Heïdi Gaugain

Personal information
- Born: 30 November 2004 (age 21) Mayenne, France

Sport
- Sport: Para-cycling
- Disability: Agenesis of left arm
- Disability class: C5
- Club: Bizkaia Durango

Medal record
Representing France
Women's para-cycling
Paralympic Games
| Silver medal – second place | 2024 Paris | Ind. pursuit C5 |
| Silver medal – second place | 2024 Paris | Road time trial C5 |
| Silver medal – second place | 2024 Paris | Road race C4–5 |
World Road Championships
| Silver medal – second place | 2024 Zurich | Time trial C5 |
| Bronze medal – third place | 2023 Glasgow | Time trial C5 |
World Track Championships
| Gold medal – first place | 2023 Glasgow | Individual pursuit C5 |
| Gold medal – first place | 2024 Rio de Janeiro | Individual pursuit C5 |
| Silver medal – second place | 2022 Saint-Quentin-en-Yvelines | Individual pursuit C5 |
| Bronze medal – third place | 2022 Saint-Quentin-en-Yvelines | Omnium C5 |
European Para Championships
| Gold medal – first place | 2023 Rotterdam | Road time trial C5 |
| Gold medal – first place | 2023 Rotterdam | Road race C5 |
Women's track cycling
World Junior Championships
| Gold medal – first place | 2022 Tel Aviv | Points race |
| Gold medal – first place | 2022 Tel Aviv | Team pursuit |

= Heïdi Gaugain =

French Paralympic cyclist

Heïdi Gaugain (born 30 November 2004) is a French Paralympic cyclist who competes in international cycling competitions.
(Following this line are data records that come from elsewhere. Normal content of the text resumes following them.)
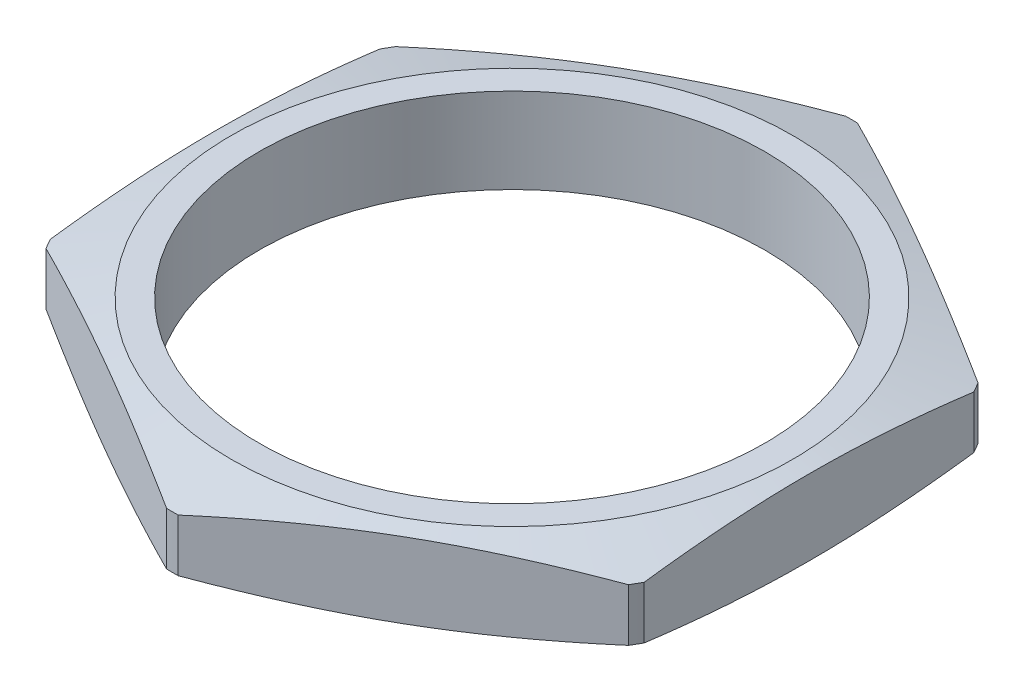
ISO-10303-21;
HEADER;
FILE_DESCRIPTION(('STEP AP214'),'2;1');
FILE_NAME('part.step','',(''),(''),'','','');
FILE_SCHEMA(('AUTOMOTIVE_DESIGN { 1 0 10303 214 1 1 1 1 }'));
ENDSEC;
DATA;
#1=APPLICATION_CONTEXT('core data for automotive mechanical design processes');
#2=APPLICATION_PROTOCOL_DEFINITION('international standard','automotive_design',2000,#1);
#3=PRODUCT_CONTEXT('',#1,'mechanical');
#4=PRODUCT('Part','Part','',(#3));
#5=PRODUCT_RELATED_PRODUCT_CATEGORY('part','',(#4));
#6=PRODUCT_DEFINITION_FORMATION('','',#4);
#7=PRODUCT_DEFINITION_CONTEXT('part definition',#1,'design');
#8=PRODUCT_DEFINITION('design','',#6,#7);
#9=PRODUCT_DEFINITION_SHAPE('','',#8);
#10=(LENGTH_UNIT() NAMED_UNIT(*) SI_UNIT(.MILLI.,.METRE.));
#11=(NAMED_UNIT(*) PLANE_ANGLE_UNIT() SI_UNIT($,.RADIAN.));
#12=(NAMED_UNIT(*) SI_UNIT($,.STERADIAN.) SOLID_ANGLE_UNIT());
#13=UNCERTAINTY_MEASURE_WITH_UNIT(LENGTH_MEASURE(1.E-05),#10,'distance_accuracy_value','');
#14=(GEOMETRIC_REPRESENTATION_CONTEXT(3) GLOBAL_UNCERTAINTY_ASSIGNED_CONTEXT((#13)) GLOBAL_UNIT_ASSIGNED_CONTEXT((#10,
#11,#12)) REPRESENTATION_CONTEXT('',''));
#15=CARTESIAN_POINT('',(0.,0.,0.));
#16=DIRECTION('',(0.,0.,1.));
#17=DIRECTION('',(1.,0.,0.));
#18=AXIS2_PLACEMENT_3D('',#15,#16,#17);
#19=CARTESIAN_POINT('',(0.,2.7,0.));
#20=DIRECTION('',(0.,-1.,0.));
#21=DIRECTION('',(0.,0.,-1.));
#22=AXIS2_PLACEMENT_3D('',#19,#20,#21);
#23=CYLINDRICAL_SURFACE('',#22,10.75);
#24=DIRECTION('',(0.,-1.,0.));
#25=VECTOR('',#24,1.);
#26=CARTESIAN_POINT('',(9.21684347747406,2.7,-5.53283799796667));
#27=LINE('',#26,#25);
#28=CARTESIAN_POINT('',(9.21684347747406,2.2,-5.53283799796667));
#29=VERTEX_POINT('',#28);
#30=CARTESIAN_POINT('',(9.21684347747406,0.535898384862248,-5.53283799796668));
#31=VERTEX_POINT('',#30);
#32=EDGE_CURVE('E369',#29,#31,#27,.T.);
#33=ORIENTED_EDGE('',*,*,#32,.F.);
#34=CARTESIAN_POINT('',(0.,2.2,0.));
#35=DIRECTION('',(0.,1.,0.));
#36=DIRECTION('',(0.,0.,1.));
#37=AXIS2_PLACEMENT_3D('',#34,#35,#36);
#38=CIRCLE('',#37,10.75);
#39=CARTESIAN_POINT('',(9.39999999999999,2.2,-5.21560159521412));
#40=VERTEX_POINT('',#39);
#41=EDGE_CURVE('E350',#29,#40,#38,.F.);
#42=ORIENTED_EDGE('',*,*,#41,.T.);
#43=DIRECTION('',(0.,-1.,0.));
#44=VECTOR('',#43,1.);
#45=CARTESIAN_POINT('',(9.39999999999999,2.7,-5.21560159521412));
#46=LINE('',#45,#44);
#47=CARTESIAN_POINT('',(9.4,0.535898384862248,-5.21560159521412));
#48=VERTEX_POINT('',#47);
#49=EDGE_CURVE('E381',#48,#40,#46,.F.);
#50=ORIENTED_EDGE('',*,*,#49,.F.);
#51=CARTESIAN_POINT('',(0.,0.535898384862248,0.));
#52=DIRECTION('',(0.,1.,0.));
#53=DIRECTION('',(0.,0.,1.));
#54=AXIS2_PLACEMENT_3D('',#51,#52,#53);
#55=CIRCLE('',#54,10.75);
#56=EDGE_CURVE('E173',#48,#31,#55,.T.);
#57=ORIENTED_EDGE('',*,*,#56,.T.);
#58=EDGE_LOOP('',(#33,#42,#50,#57));
#59=FACE_BOUND('',#58,.T.);
#60=ADVANCED_FACE('F46',(#59),#23,.T.);
#61=DIRECTION('',(0.,-1.,0.));
#62=VECTOR('',#61,1.);
#63=CARTESIAN_POINT('',(0.183156522525941,2.7,-10.7484395931808));
#64=LINE('',#63,#62);
#65=CARTESIAN_POINT('',(0.183156522525943,0.535898384862248,-10.7484395931808));
#66=VERTEX_POINT('',#65);
#67=CARTESIAN_POINT('',(0.183156522525941,2.2,-10.7484395931808));
#68=VERTEX_POINT('',#67);
#69=EDGE_CURVE('E269',#66,#68,#64,.F.);
#70=ORIENTED_EDGE('',*,*,#69,.F.);
#71=CARTESIAN_POINT('',(-0.183156522525944,0.535898384862248,-10.7484395931808));
#72=VERTEX_POINT('',#71);
#73=EDGE_CURVE('E168',#66,#72,#55,.T.);
#74=ORIENTED_EDGE('',*,*,#73,.T.);
#75=DIRECTION('',(0.,-1.,0.));
#76=VECTOR('',#75,1.);
#77=CARTESIAN_POINT('',(-0.183156522525941,2.7,-10.7484395931808));
#78=LINE('',#77,#76);
#79=CARTESIAN_POINT('',(-0.183156522525941,2.2,-10.7484395931808));
#80=VERTEX_POINT('',#79);
#81=EDGE_CURVE('E148',#80,#72,#78,.T.);
#82=ORIENTED_EDGE('',*,*,#81,.F.);
#83=EDGE_CURVE('E341',#80,#68,#38,.F.);
#84=ORIENTED_EDGE('',*,*,#83,.T.);
#85=EDGE_LOOP('',(#70,#74,#82,#84));
#86=FACE_BOUND('',#85,.T.);
#87=ADVANCED_FACE('F309',(#86),#23,.T.);
#88=DIRECTION('',(0.,-1.,0.));
#89=VECTOR('',#88,1.);
#90=CARTESIAN_POINT('',(9.39999999999999,2.7,5.21560159521412));
#91=LINE('',#90,#89);
#92=CARTESIAN_POINT('',(9.39999999999999,2.2,5.21560159521412));
#93=VERTEX_POINT('',#92);
#94=CARTESIAN_POINT('',(9.4,0.535898384862248,5.21560159521412));
#95=VERTEX_POINT('',#94);
#96=EDGE_CURVE('E270',#93,#95,#91,.T.);
#97=ORIENTED_EDGE('',*,*,#96,.F.);
#98=CARTESIAN_POINT('',(9.21684347747406,2.2,5.53283799796667));
#99=VERTEX_POINT('',#98);
#100=EDGE_CURVE('E343',#93,#99,#38,.F.);
#101=ORIENTED_EDGE('',*,*,#100,.T.);
#102=DIRECTION('',(0.,-1.,0.));
#103=VECTOR('',#102,1.);
#104=CARTESIAN_POINT('',(9.21684347747406,2.7,5.53283799796667));
#105=LINE('',#104,#103);
#106=CARTESIAN_POINT('',(9.21684347747406,0.535898384862248,5.53283799796667));
#107=VERTEX_POINT('',#106);
#108=EDGE_CURVE('E391',#107,#99,#105,.F.);
#109=ORIENTED_EDGE('',*,*,#108,.F.);
#110=EDGE_CURVE('E181',#107,#95,#55,.T.);
#111=ORIENTED_EDGE('',*,*,#110,.T.);
#112=EDGE_LOOP('',(#97,#101,#109,#111));
#113=FACE_BOUND('',#112,.T.);
#114=ADVANCED_FACE('F314',(#113),#23,.T.);
#115=DIRECTION('',(0.,-1.,0.));
#116=VECTOR('',#115,1.);
#117=CARTESIAN_POINT('',(0.183156522525933,2.7,10.7484395931808));
#118=LINE('',#117,#116);
#119=CARTESIAN_POINT('',(0.183156522525933,2.2,10.7484395931808));
#120=VERTEX_POINT('',#119);
#121=CARTESIAN_POINT('',(0.183156522525938,0.535898384862248,10.7484395931808));
#122=VERTEX_POINT('',#121);
#123=EDGE_CURVE('E397',#120,#122,#118,.T.);
#124=ORIENTED_EDGE('',*,*,#123,.F.);
#125=CARTESIAN_POINT('',(-0.183156522525942,2.2,10.7484395931808));
#126=VERTEX_POINT('',#125);
#127=EDGE_CURVE('E182',#120,#126,#38,.F.);
#128=ORIENTED_EDGE('',*,*,#127,.T.);
#129=DIRECTION('',(0.,-1.,0.));
#130=VECTOR('',#129,1.);
#131=CARTESIAN_POINT('',(-0.183156522525942,2.7,10.7484395931808));
#132=LINE('',#131,#130);
#133=CARTESIAN_POINT('',(-0.183156522525943,0.535898384862247,10.7484395931808));
#134=VERTEX_POINT('',#133);
#135=EDGE_CURVE('E332',#134,#126,#132,.F.);
#136=ORIENTED_EDGE('',*,*,#135,.F.);
#137=EDGE_CURVE('E175',#134,#122,#55,.T.);
#138=ORIENTED_EDGE('',*,*,#137,.T.);
#139=EDGE_LOOP('',(#124,#128,#136,#138));
#140=FACE_BOUND('',#139,.T.);
#141=ADVANCED_FACE('F322',(#140),#23,.T.);
#142=DIRECTION('',(0.,-1.,0.));
#143=VECTOR('',#142,1.);
#144=CARTESIAN_POINT('',(-9.21684347747406,2.7,5.53283799796667));
#145=LINE('',#144,#143);
#146=CARTESIAN_POINT('',(-9.21684347747406,2.2,5.53283799796667));
#147=VERTEX_POINT('',#146);
#148=CARTESIAN_POINT('',(-9.21684347747406,0.535898384862248,5.53283799796667));
#149=VERTEX_POINT('',#148);
#150=EDGE_CURVE('E69',#147,#149,#145,.T.);
#151=ORIENTED_EDGE('',*,*,#150,.F.);
#152=CARTESIAN_POINT('',(-9.4,2.2,5.21560159521411));
#153=VERTEX_POINT('',#152);
#154=EDGE_CURVE('E180',#147,#153,#38,.F.);
#155=ORIENTED_EDGE('',*,*,#154,.T.);
#156=DIRECTION('',(0.,-1.,0.));
#157=VECTOR('',#156,1.);
#158=CARTESIAN_POINT('',(-9.4,2.7,5.21560159521411));
#159=LINE('',#158,#157);
#160=CARTESIAN_POINT('',(-9.4,0.535898384862248,5.21560159521411));
#161=VERTEX_POINT('',#160);
#162=EDGE_CURVE('E217',#161,#153,#159,.F.);
#163=ORIENTED_EDGE('',*,*,#162,.F.);
#164=EDGE_CURVE('E169',#161,#149,#55,.T.);
#165=ORIENTED_EDGE('',*,*,#164,.T.);
#166=EDGE_LOOP('',(#151,#155,#163,#165));
#167=FACE_BOUND('',#166,.T.);
#168=ADVANCED_FACE('F318',(#167),#23,.T.);
#169=DIRECTION('',(0.,-1.,0.));
#170=VECTOR('',#169,1.);
#171=CARTESIAN_POINT('',(-9.4,2.7,-5.21560159521411));
#172=LINE('',#171,#170);
#173=CARTESIAN_POINT('',(-9.4,2.2,-5.21560159521411));
#174=VERTEX_POINT('',#173);
#175=CARTESIAN_POINT('',(-9.4,0.535898384862248,-5.21560159521411));
#176=VERTEX_POINT('',#175);
#177=EDGE_CURVE('E77',#174,#176,#172,.T.);
#178=ORIENTED_EDGE('',*,*,#177,.F.);
#179=CARTESIAN_POINT('',(-9.21684347747406,2.2,-5.53283799796667));
#180=VERTEX_POINT('',#179);
#181=EDGE_CURVE('E163',#174,#180,#38,.F.);
#182=ORIENTED_EDGE('',*,*,#181,.T.);
#183=DIRECTION('',(0.,-1.,0.));
#184=VECTOR('',#183,1.);
#185=CARTESIAN_POINT('',(-9.21684347747406,2.7,-5.53283799796667));
#186=LINE('',#185,#184);
#187=CARTESIAN_POINT('',(-9.21684347747406,0.535898384862248,-5.53283799796667));
#188=VERTEX_POINT('',#187);
#189=EDGE_CURVE('E145',#188,#180,#186,.F.);
#190=ORIENTED_EDGE('',*,*,#189,.F.);
#191=EDGE_CURVE('E161',#188,#176,#55,.T.);
#192=ORIENTED_EDGE('',*,*,#191,.T.);
#193=EDGE_LOOP('',(#178,#182,#190,#192));
#194=FACE_BOUND('',#193,.T.);
#195=ADVANCED_FACE('F160',(#194),#23,.T.);
#196=CARTESIAN_POINT('',(0.,2.7,0.));
#197=DIRECTION('',(0.,-1.,0.));
#198=DIRECTION('',(0.,0.,-1.));
#199=AXIS2_PLACEMENT_3D('',#196,#197,#198);
#200=CONICAL_SURFACE('',#199,8.88397459621558,1.30899693899575);
#201=CARTESIAN_POINT('',(0.,2.7,0.));
#202=DIRECTION('',(0.,1.,0.));
#203=DIRECTION('',(0.,0.,1.));
#204=AXIS2_PLACEMENT_3D('',#201,#202,#203);
#205=CIRCLE('',#204,8.88397459621558);
#206=CARTESIAN_POINT('',(0.,2.7,8.88397459621558));
#207=VERTEX_POINT('',#206);
#208=EDGE_CURVE('E344',#207,#207,#205,.T.);
#209=ORIENTED_EDGE('',*,*,#208,.F.);
#210=EDGE_LOOP('',(#209));
#211=FACE_BOUND('',#210,.T.);
#212=ORIENTED_EDGE('',*,*,#41,.F.);
#213=CARTESIAN_POINT('',(9.21817565857168,2.19979999999985,-5.53206886285135));
#214=CARTESIAN_POINT('',(8.84285593275891,2.25617954736137,-5.74875980758153));
#215=CARTESIAN_POINT('',(8.46688465815857,2.30724528726111,-5.9658269241796));
#216=CARTESIAN_POINT('',(7.7136957121978,2.39682133169059,-6.4006807648807));
#217=CARTESIAN_POINT('',(7.33647764725926,2.43532719201803,-6.61846771621616));
#218=CARTESIAN_POINT('',(6.58293661259939,2.49766256051647,-7.05352483542247));
#219=CARTESIAN_POINT('',(6.20661808338529,2.52156186810128,-7.27079243956527));
#220=CARTESIAN_POINT('',(5.45353297873627,2.55359496638114,-7.70558632745708));
#221=CARTESIAN_POINT('',(5.07676648936839,2.56173140978201,-7.92311256151526));
#222=CARTESIAN_POINT('',(4.32323351063263,2.56173140978203,-8.35816502963161));
#223=CARTESIAN_POINT('',(3.94646702126476,2.55359496638117,-8.57569126368978));
#224=CARTESIAN_POINT('',(3.19338191661573,2.52156186810134,-9.01048515158159));
#225=CARTESIAN_POINT('',(2.81706338740163,2.49766256051654,-9.2277527557244));
#226=CARTESIAN_POINT('',(2.06352235274176,2.43532719201813,-9.6628098749307));
#227=CARTESIAN_POINT('',(1.68630428780321,2.3968213316907,-9.88059682626616));
#228=CARTESIAN_POINT('',(0.933115341842445,2.30724528726124,-10.3154506669673));
#229=CARTESIAN_POINT('',(0.557144067242105,2.25617954736151,-10.5325177835653));
#230=CARTESIAN_POINT('',(0.181824341429333,2.1998,-10.7492087282955));
#231=B_SPLINE_CURVE_WITH_KNOTS('',3,(#213,#214,#215,#216,#217,#218,#219,#220,#221,#222,#223,
#224,#225,#226,#227,#228,#229,#230),.UNSPECIFIED.,.F.,.F.,(4,2,2,2,2,2,2,2,4),(0.,
1.31115977516494,2.62278299059983,3.92808840162309,5.23317412591315,6.53825985020321,
7.84356526122646,9.15518847666135,10.4663482518263),.UNSPECIFIED.);
#232=EDGE_CURVE('E362',#29,#68,#231,.T.);
#233=ORIENTED_EDGE('',*,*,#232,.T.);
#234=ORIENTED_EDGE('',*,*,#83,.F.);
#235=CARTESIAN_POINT('',(-0.181824341429335,2.1998,-10.7492087282955));
#236=CARTESIAN_POINT('',(-0.557144067242108,2.25617954736151,-10.5325177835653));
#237=CARTESIAN_POINT('',(-0.933115341842449,2.30724528726124,-10.3154506669673));
#238=CARTESIAN_POINT('',(-1.68630428780322,2.3968213316907,-9.88059682626616));
#239=CARTESIAN_POINT('',(-2.06352235274177,2.43532719201813,-9.6628098749307));
#240=CARTESIAN_POINT('',(-2.81706338740163,2.49766256051654,-9.2277527557244));
#241=CARTESIAN_POINT('',(-3.19338191661574,2.52156186810134,-9.01048515158159));
#242=CARTESIAN_POINT('',(-3.94646702126476,2.55359496638117,-8.57569126368978));
#243=CARTESIAN_POINT('',(-4.32323351063264,2.56173140978203,-8.35816502963161));
#244=CARTESIAN_POINT('',(-5.07676648936839,2.56173140978201,-7.92311256151526));
#245=CARTESIAN_POINT('',(-5.45353297873627,2.55359496638114,-7.70558632745708));
#246=CARTESIAN_POINT('',(-6.20661808338529,2.52156186810128,-7.27079243956527));
#247=CARTESIAN_POINT('',(-6.58293661259939,2.49766256051647,-7.05352483542247));
#248=CARTESIAN_POINT('',(-7.33647764725926,2.43532719201803,-6.61846771621617));
#249=CARTESIAN_POINT('',(-7.71369571219781,2.39682133169059,-6.4006807648807));
#250=CARTESIAN_POINT('',(-8.46688465815857,2.30724528726111,-5.9658269241796));
#251=CARTESIAN_POINT('',(-8.84285593275891,2.25617954736136,-5.74875980758153));
#252=CARTESIAN_POINT('',(-9.21817565857168,2.19979999999985,-5.53206886285135));
#253=B_SPLINE_CURVE_WITH_KNOTS('',3,(#235,#236,#237,#238,#239,#240,#241,#242,#243,#244,#245,
#246,#247,#248,#249,#250,#251,#252),.UNSPECIFIED.,.F.,.F.,(4,2,2,2,2,2,2,2,4),(0.,
1.31115977516494,2.62278299059984,3.92808840162309,5.23317412591315,6.53825985020321,
7.84356526122646,9.15518847666135,10.4663482518263),.UNSPECIFIED.);
#254=EDGE_CURVE('E209',#80,#180,#253,.T.);
#255=ORIENTED_EDGE('',*,*,#254,.T.);
#256=ORIENTED_EDGE('',*,*,#181,.F.);
#257=CARTESIAN_POINT('',(-9.4,0.0402913971668657,-16.2929877834868));
#258=CARTESIAN_POINT('',(-9.4,0.131948907352564,-15.8980144268586));
#259=CARTESIAN_POINT('',(-9.4,0.222840393615614,-15.5028615003231));
#260=CARTESIAN_POINT('',(-9.4,0.402745157805587,-14.7121216981159));
#261=CARTESIAN_POINT('',(-9.4,0.491758404463756,-14.3165348153349));
#262=CARTESIAN_POINT('',(-9.4,0.667575658993785,-13.5247834563603));
#263=CARTESIAN_POINT('',(-9.4,0.754379205550519,-13.1286188775206));
#264=CARTESIAN_POINT('',(-9.4,0.925303142436334,-12.3357116097779));
#265=CARTESIAN_POINT('',(-9.4,1.00942354178585,-11.9389689228231));
#266=CARTESIAN_POINT('',(-9.4,1.17518690057416,-11.1411228842426));
#267=CARTESIAN_POINT('',(-9.4,1.25679962354083,-10.740013233621));
#268=CARTESIAN_POINT('',(-9.4,1.41600070863396,-9.93699679154388));
#269=CARTESIAN_POINT('',(-9.4,1.4935891041085,-9.53509000672261));
#270=CARTESIAN_POINT('',(-9.4,1.64385492432274,-8.73031196645773));
#271=CARTESIAN_POINT('',(-9.4,1.71653183596713,-8.32744061478535));
#272=CARTESIAN_POINT('',(-9.4,1.85586508558543,-7.52065201944612));
#273=CARTESIAN_POINT('',(-9.4,1.9225214263472,-7.11673477626365));
#274=CARTESIAN_POINT('',(-9.4,2.04679588917835,-6.31862022101853));
#275=CARTESIAN_POINT('',(-9.4,2.10460878186919,-5.92445344789568));
#276=CARTESIAN_POINT('',(-9.4,2.21186746932486,-5.13497265623331));
#277=CARTESIAN_POINT('',(-9.4,2.26131326679699,-4.73965863806503));
#278=CARTESIAN_POINT('',(-9.4,2.35029240342197,-3.9480089900364));
#279=CARTESIAN_POINT('',(-9.4,2.38982834461796,-3.5516736560152));
#280=CARTESIAN_POINT('',(-9.4,2.4574890151694,-2.75802170707514));
#281=CARTESIAN_POINT('',(-9.4,2.48561389445317,-2.36070510511801));
#282=CARTESIAN_POINT('',(-9.4,2.52908169615286,-1.56708715698945));
#283=CARTESIAN_POINT('',(-9.4,2.54447941365033,-1.17078885946876));
#284=CARTESIAN_POINT('',(-9.4,2.56192040757687,-0.377895183385455));
#285=CARTESIAN_POINT('',(-9.4,2.56396373734748,0.0187001939842057));
#286=CARTESIAN_POINT('',(-9.4,2.55458671479372,0.81176028898685));
#287=CARTESIAN_POINT('',(-9.4,2.54316532862296,1.20822499424846));
#288=CARTESIAN_POINT('',(-9.4,2.50744959332257,2.00056039698522));
#289=CARTESIAN_POINT('',(-9.4,2.48315526970385,2.39643109563599));
#290=CARTESIAN_POINT('',(-9.4,2.40995679198722,3.35588004723408));
#291=CARTESIAN_POINT('',(-9.4,2.35497616841449,3.9189946353878));
#292=CARTESIAN_POINT('',(-9.4,2.22541048491539,5.04287413671415));
#293=CARTESIAN_POINT('',(-9.4,2.15082622147521,5.60363914440888));
#294=CARTESIAN_POINT('',(-9.4,1.98612941500019,6.72464579835983));
#295=CARTESIAN_POINT('',(-9.4,1.89596895548622,7.2848803010385));
#296=CARTESIAN_POINT('',(-9.4,1.70396046981207,8.40331578338519));
#297=CARTESIAN_POINT('',(-9.4,1.60211250235808,8.96151677325297));
#298=CARTESIAN_POINT('',(-9.4,1.38741409090439,10.0876179020433));
#299=CARTESIAN_POINT('',(-9.4,1.27438126989891,10.655483006204));
#300=CARTESIAN_POINT('',(-9.4,1.04137802764768,11.7897861015187));
#301=CARTESIAN_POINT('',(-9.4,0.921407530883618,12.3562240770681));
#302=CARTESIAN_POINT('',(-9.4,0.676837782139774,13.4849161501699));
#303=CARTESIAN_POINT('',(-9.4,0.552266801782215,14.0471763950469));
#304=CARTESIAN_POINT('',(-9.4,0.362379227403672,14.8898610632136));
#305=CARTESIAN_POINT('',(-9.4,0.29858034424472,15.1706290670438));
#306=CARTESIAN_POINT('',(-9.4,0.170082842648603,15.7319577954584));
#307=CARTESIAN_POINT('',(-9.4,0.105384228408237,16.0125185210034));
#308=CARTESIAN_POINT('',(-9.4,0.0402913971668662,16.2929877834868));
#309=B_SPLINE_CURVE_WITH_KNOTS('',3,(#257,#258,#259,#260,#261,#262,#263,#264,#265,#266,#267,
#268,#269,#270,#271,#272,#273,#274,#275,#276,#277,#278,#279,#280,#281,#282,#283,#284,#285,#286,
#287,#288,#289,#290,#291,#292,#293,#294,#295,#296,#297,#298,#299,#300,#301,#302,#303,#304,#305,
#306,#307,#308),.UNSPECIFIED.,.F.,.F.,(4,2,2,2,2,2,2,2,2,2,2,2,2,2,2,2,2,2,2,2,2,2,2,2,2,4),(0.,
1.21640864830064,2.43283753130567,3.6495183172138,4.86619501234889,6.09416292377924,
7.3221206578789,8.55020647719324,9.77829172783431,10.9733694684506,12.1684468223815,
13.363210053894,14.5579575870745,15.7475341008772,16.9371058631411,18.1267689689269,
19.3164297171103,21.0133489161472,22.7101991808514,24.4123655056298,26.1145232808263,
27.8514825733796,29.5884607767233,31.3161244338548,32.1798991607187,33.0436698598511),.UNSPECIFIED.);
#310=EDGE_CURVE('E234',#174,#153,#309,.T.);
#311=ORIENTED_EDGE('',*,*,#310,.T.);
#312=ORIENTED_EDGE('',*,*,#154,.F.);
#313=CARTESIAN_POINT('',(-9.21817565857168,2.19979999999985,5.53206886285135));
#314=CARTESIAN_POINT('',(-8.84285593275891,2.25617954736137,5.74875980758153));
#315=CARTESIAN_POINT('',(-8.46688465815857,2.30724528726111,5.9658269241796));
#316=CARTESIAN_POINT('',(-7.7136957121978,2.39682133169059,6.4006807648807));
#317=CARTESIAN_POINT('',(-7.33647764725925,2.43532719201803,6.61846771621616));
#318=CARTESIAN_POINT('',(-6.58293661259939,2.49766256051647,7.05352483542247));
#319=CARTESIAN_POINT('',(-6.20661808338529,2.52156186810128,7.27079243956527));
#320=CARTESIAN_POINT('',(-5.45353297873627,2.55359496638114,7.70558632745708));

She is a double World track cycling champion and double European champion, she is also a World Junior champion and French U23 champion in able-bodied cycling becoming the first para-cyclist to win World titles in both para and able-bodied cycling. She cycles for Bizkaia Durango. She has qualified to compete at the 2024 Summer Paralympics.